Well I suppose I can’t resist giving a taste for why I suspect this is wrong (more details forthcoming). For one, regenerative species are capable of altering their morphology in real-time (e.g., deer can grow new antler structures over the course of their lifetime if they’re injured, pictured below).
In other words, they figured out how to grow a new, specific anatomy. So clearly the anatomical structure is not fully contained within the DNA. Where is it, then? The usual answer is epigenetics: somehow some long chain of if-thens results in the novel antler. But, remember, that antlers fall off. So, we are claiming that some non-local deer cells (at the base of the antler or something) remember more-or-less exactly what shape to manifest many months down the line and many miles away (from the cells point of view), relying only on these extremely low-level events. Maybe. But I’m not convinced.
Again, explaining this with the current biological picture is like trying to say how AlphaZero chose a new move in Go by consulting the CPU. Possible, and of course, ultimately this is what’s happening, but incredibly inefficient. And perhaps it is massively inefficient not just for us, but for the animal too– perhaps they have figured out more parsimonious, more abstract ways to represent the new antler than through the combinatorial nightmare of protein chains.
Secondly, we know that one biological structure has these properties: namely, brains. When we think of brains we generally consider their information content (or at least, their relevant content) to be at the level of neural firing patterns rather than, e.g., proteins making sure the neural cytoskeletons remain intact. The proteins are necessary, but they aren’t really what we care about. If we wanted to make big changes to someone’s behavior, we’re not going to poke a cytoskeletal protein, we’re going to try to change variables that are upstream, causal, and simple – things that affect the firing patterns, things like serotonin, or TMS, or even just plain therapy. The level of abstraction matters a lot when dealing with systems that span many orders of magnitude, and the field of biology is only carving out one or two of these levels, when life itself has figured out how to operate on all of them.
So, we already attribute these properties to brains which are, may I remind you, composed of cells just like any other section of your body.
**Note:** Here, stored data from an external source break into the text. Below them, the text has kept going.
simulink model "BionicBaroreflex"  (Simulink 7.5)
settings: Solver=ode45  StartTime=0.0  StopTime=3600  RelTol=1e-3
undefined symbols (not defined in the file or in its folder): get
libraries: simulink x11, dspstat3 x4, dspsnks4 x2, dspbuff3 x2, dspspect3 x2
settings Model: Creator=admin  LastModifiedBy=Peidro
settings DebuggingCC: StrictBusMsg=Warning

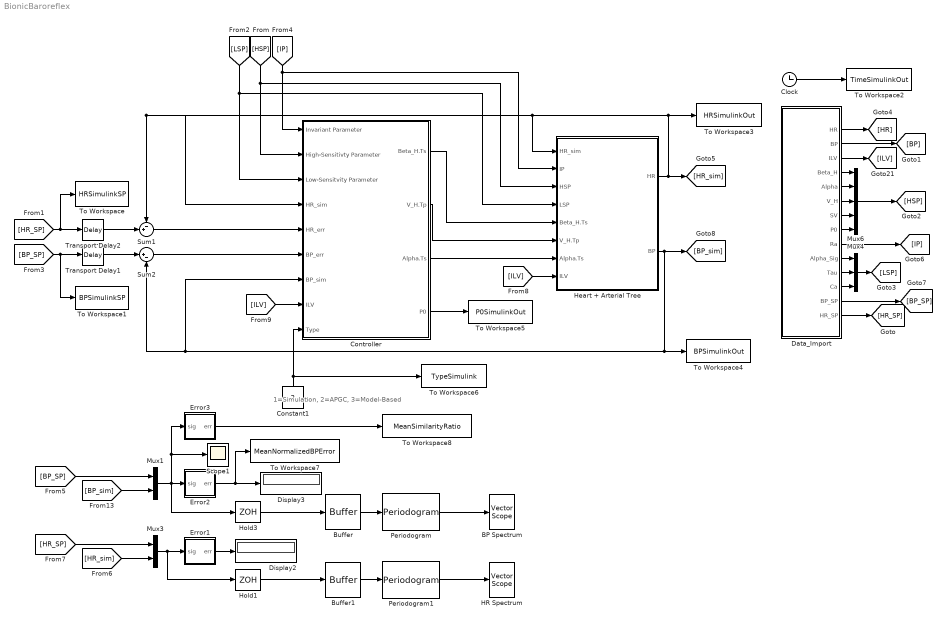
== system BionicBaroreflex ==
  note: 1=Simulation,
      | 2=APGC,
      | 3=Model-Based
  BP Spectrum : dspsnks4/Vector Scope  DialogController=dspdialog.VectorScope  DialogControllerArgs=DataTag0  ScopeProperties=on  Domain=Frequency  HorizSpan=1  DisplayProperties=off  AxisGrid=on  Memory=on  FrameNumber=on  AxisLegend=on  AxisZoom=off  OpenScopeAtSimStart=on  OpenScopeImmediately=off  FigPos=get(0,'defaultfigureposition')  AxisProperties=off  XUnits=Hertz  XRange=[0...Fs/2]  InheritXIncr=off  XIncr=1  XLabel=Time  XLimit=Auto  XMin=0  XMax=0.5  XStart=0  YUnits=dB  YLabel=Amplitude  LineProperties=off  LineColors=[1 0 0]|[0 0 1]  XAxisParamsVer=6.9
      settings: YMin=-106.7264  YMax=8.3849
  Buffer : dspbuff3/Buffer  N=128  V=64  ic=0
  Buffer1 : dspbuff3/Buffer  N=128  V=64  ic=0
  Clock : Clock
      settings: Decimation=10
  Constant1 : Constant  Value=2  OutDataType=fixdt(1, 16)  OutScaling=2^0
  Controller : Subsystem
  Data_Import : Subsystem
  Display2 : Display
  Display3 : Display
  Error1 : Subsystem
  Error2 : Subsystem
  Error3 : Subsystem
  HR Spectrum : dspsnks4/Vector Scope  DialogController=dspdialog.VectorScope  DialogControllerArgs=DataTag5  ScopeProperties=on  Domain=Frequency  HorizSpan=1  DisplayProperties=off  AxisGrid=on  Memory=on  FrameNumber=on  AxisLegend=on  AxisZoom=off  OpenScopeAtSimStart=on  OpenScopeImmediately=off  FigPos=get(0,'defaultfigureposition')  AxisProperties=off  XUnits=Hertz  XRange=[0...Fs/2]  InheritXIncr=off  XIncr=1  XLabel=Time  XLimit=Auto  XMin=0  XMax=0.5  XStart=0  YUnits=dB  YLabel=Amplitude  LineProperties=off  LineColors=[1 0 0]|[0 0 1]  XAxisParamsVer=6.9
      settings: YMin=-106.7264  YMax=8.3849
  Heart + Arterial Tree : Subsystem
  Hold1 : ZeroOrderHold  SampleTime=10
  Hold3 : ZeroOrderHold  SampleTime=10
  Mux1 : Mux  Inputs=2
  Mux3 : Mux  Inputs=2
  Mux4 : Mux  Inputs=3
  Mux6 : Mux  Inputs=5
  Periodogram : dspspect3/Periodogram  SystemSampleTime=-1  measurement=Power spectral density  wintype=Hamming  Rs=50  beta=5  winsamp=Periodic  inheritFFT=off  fftsize=128  navg=2  inheritTs=on  Ts=1
  Periodogram1 : dspspect3/Periodogram  SystemSampleTime=-1  measurement=Power spectral density  wintype=Hamming  Rs=50  beta=5  winsamp=Periodic  inheritFFT=off  fftsize=128  navg=2  inheritTs=on  Ts=1
  Scope1 : Scope
      settings: YMin=67.5  YMax=125
  Sum1 : Sum  Inputs=-+|  OutDataType=fixdt(1, 16)  OutScaling=2^0
  Sum2 : Sum  Inputs=|+-  OutDataType=fixdt(1, 16)  OutScaling=2^0
  To Workspace : ToWorkspace  VariableName=HRSimulinkSP  SampleTime=-1  SaveFormat=Structure
  To Workspace1 : ToWorkspace  VariableName=BPSimulinkSP  SampleTime=-1  SaveFormat=Structure
  To Workspace2 : ToWorkspace  VariableName=TimeSimulinkOut  SampleTime=-1  SaveFormat=Structure
  To Workspace3 : ToWorkspace  VariableName=HRSimulinkOut  SampleTime=-1  SaveFormat=Structure
  To Workspace4 : ToWorkspace  VariableName=BPSimulinkOut  SampleTime=-1  SaveFormat=Structure
  To Workspace5 : ToWorkspace  VariableName=P0SimulinkOut  SampleTime=-1  SaveFormat=Structure
  To Workspace6 : ToWorkspace  VariableName=TypeSimulink  SampleTime=-1  SaveFormat=Structure
  To Workspace7 : ToWorkspace  VariableName=MeanNormalizedBPError  SampleTime=-1  SaveFormat=Structure
  To Workspace8 : ToWorkspace  VariableName=MeanSimilarityRatio  SampleTime=-1  SaveFormat=Structure
  Transport Delay1 : TransportDelay  DelayTime=10
  Transport Delay2 : TransportDelay  DelayTime=10
  wires:
  Data_Import/1(HR) -> [HR]
  [ILV] -> Controller/8(ILV)
  Heart + Arterial Tree/1(HR) -> [HR_sim], To Workspace3/1, Sum1/1, Controller/4(HR_sim), Heart + Arterial Tree/1(HR_sim)
  Controller/1(Beta_H.Ts) -> Heart + Arterial Tree/5(Beta_H.Ts)
  Controller/2(V_H.Tp) -> Heart + Arterial Tree/6(V_H.Tp)
  Controller/3(Alpha.Ts) -> Heart + Arterial Tree/7(Alpha.Ts)
  Constant1/1 -> Controller/9(Type), To Workspace6/1
  Heart + Arterial Tree/2(BP) -> [BP_sim], Sum2/2, Controller/7(BP_sim), To Workspace4/1
  [BP_SP] -> To Workspace1/1, Transport Delay1/1
  [HR_SP] -> To Workspace/1, Transport Delay2/1
  [HSP] -> Controller/2(High-Sensitivty Parameter), Heart + Arterial Tree/3(HSP)
  [LSP] -> Controller/3(Low-Sensitvity Parameter), Heart + Arterial Tree/4(LSP)
  Mux6/1 -> [HSP]
  Mux4/1 -> [LSP]
  [IP] -> Controller/1(Invariant Parameter), Heart + Arterial Tree/2(IP)
  Mux1/1 -> Error2/1(sig), Hold3/1, Scope1/1, Error3/1(sig)
  Error2/1(err) -> Display3/1, To Workspace7/1
  Mux3/1 -> Error1/1(sig), Hold1/1
  Error1/1(err) -> Display2/1
  [HR_SP] -> Mux3/1
  [HR_sim] -> Mux3/2
  [BP_SP] -> Mux1/1
  Sum1/1 -> Controller/5(HR_err)
  Sum2/1 -> Controller/6(BP_err)
  Periodogram/1 -> BP Spectrum/1
  Hold3/1 -> Buffer/1
  Buffer/1 -> Periodogram/1
  [BP_sim] -> Mux1/2
  Periodogram1/1 -> HR Spectrum/1
  Hold1/1 -> Buffer1/1
  Buffer1/1 -> Periodogram1/1
  Data_Import/2(BP) -> [BP]
  Data_Import/3(ILV) -> [ILV]
  Data_Import/4(Beta_H) -> Mux6/1
  Data_Import/5(Alpha) -> Mux6/2
  Data_Import/6(V_H) -> Mux6/3
  Data_Import/7(SV) -> Mux6/4
  Data_Import/8(P0) -> Mux6/5
  Data_Import/9(Ra) -> [IP]
  Data_Import/10(Alpha_Sig) -> Mux4/1
  Data_Import/11(Tau) -> Mux4/2
  Data_Import/12(Ca) -> Mux4/3
  Data_Import/13(BP_SP) -> [BP_SP]
  Data_Import/14(HR_SP) -> [HR_SP]
  Clock/1 -> To Workspace2/1
  Controller/4(P0) -> To Workspace5/1
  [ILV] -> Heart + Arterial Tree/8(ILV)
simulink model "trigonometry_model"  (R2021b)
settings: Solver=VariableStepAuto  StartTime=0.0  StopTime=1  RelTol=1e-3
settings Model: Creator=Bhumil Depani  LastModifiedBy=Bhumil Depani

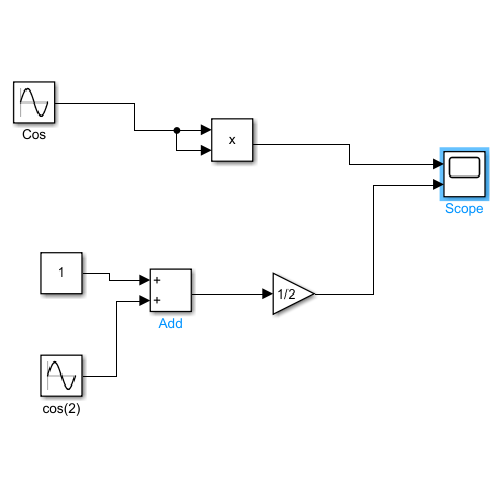
[thumbnail: Simulink's stored preview of the top-level diagram]
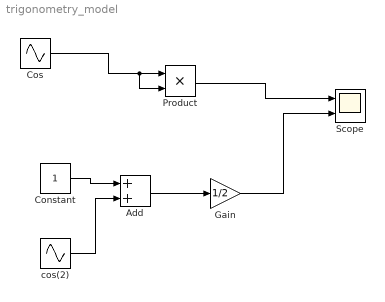
== system trigonometry_model ==
  Add : Sum
  Constant : Constant
  Cos : Sin  Frequency=2*pi*1  Phase=pi/2  SampleTime=0
  Gain : Gain  Gain=1/2
  Product : Product
  Scope : Scope  NumInputPorts=2
  cos(2) : Sin  Frequency=2*pi*1*2  Phase=pi/2  SampleTime=0
  wires:
  Product/1 -> Scope/1
  Constant/1 -> Add/1
  cos(2)/1 -> Add/2
  Add/1 -> Gain/1
  Gain/1 -> Scope/2
  Cos/1 -> Product/2, Product/1

Brains also came onto the scene much later than other organs and systems – it seems entirely possible, suggestive even, that other electrical mechanisms for coordinating high-level, macroscopic outcomes were developed before organisms developed neurons to navigate 3D behavior.
Biology is very used to, and comfortable with, understanding its subject at one level of abstraction and it treats any other level skeptically. Levin’s work borders too close to preformation, is a breath away from vitalism, at least in the minds of biologists. Biologists deal with chemicals! Physics! From the outside it seems like Levin is proposing that teleology is in fact real – that organisms do have goals, real, high-level, abstract goals, that they optimize for. And that’s just, well, while not actually inconsistent with the current framework, it really smells of heresy.
I think these are very reasonable heuristics. I also think they’re wrong, here. Biology has gotten a lot of stuff right, and I’m not even claiming they’ve gotten anything “wrong,” per se, just that they’re using the wrong lens to look at macroscopic biological structure. And I think Levin is using the right one. He’s onto something incredibly interesting and groundbreaking, here, and I think the rest of the world should pay attention to it.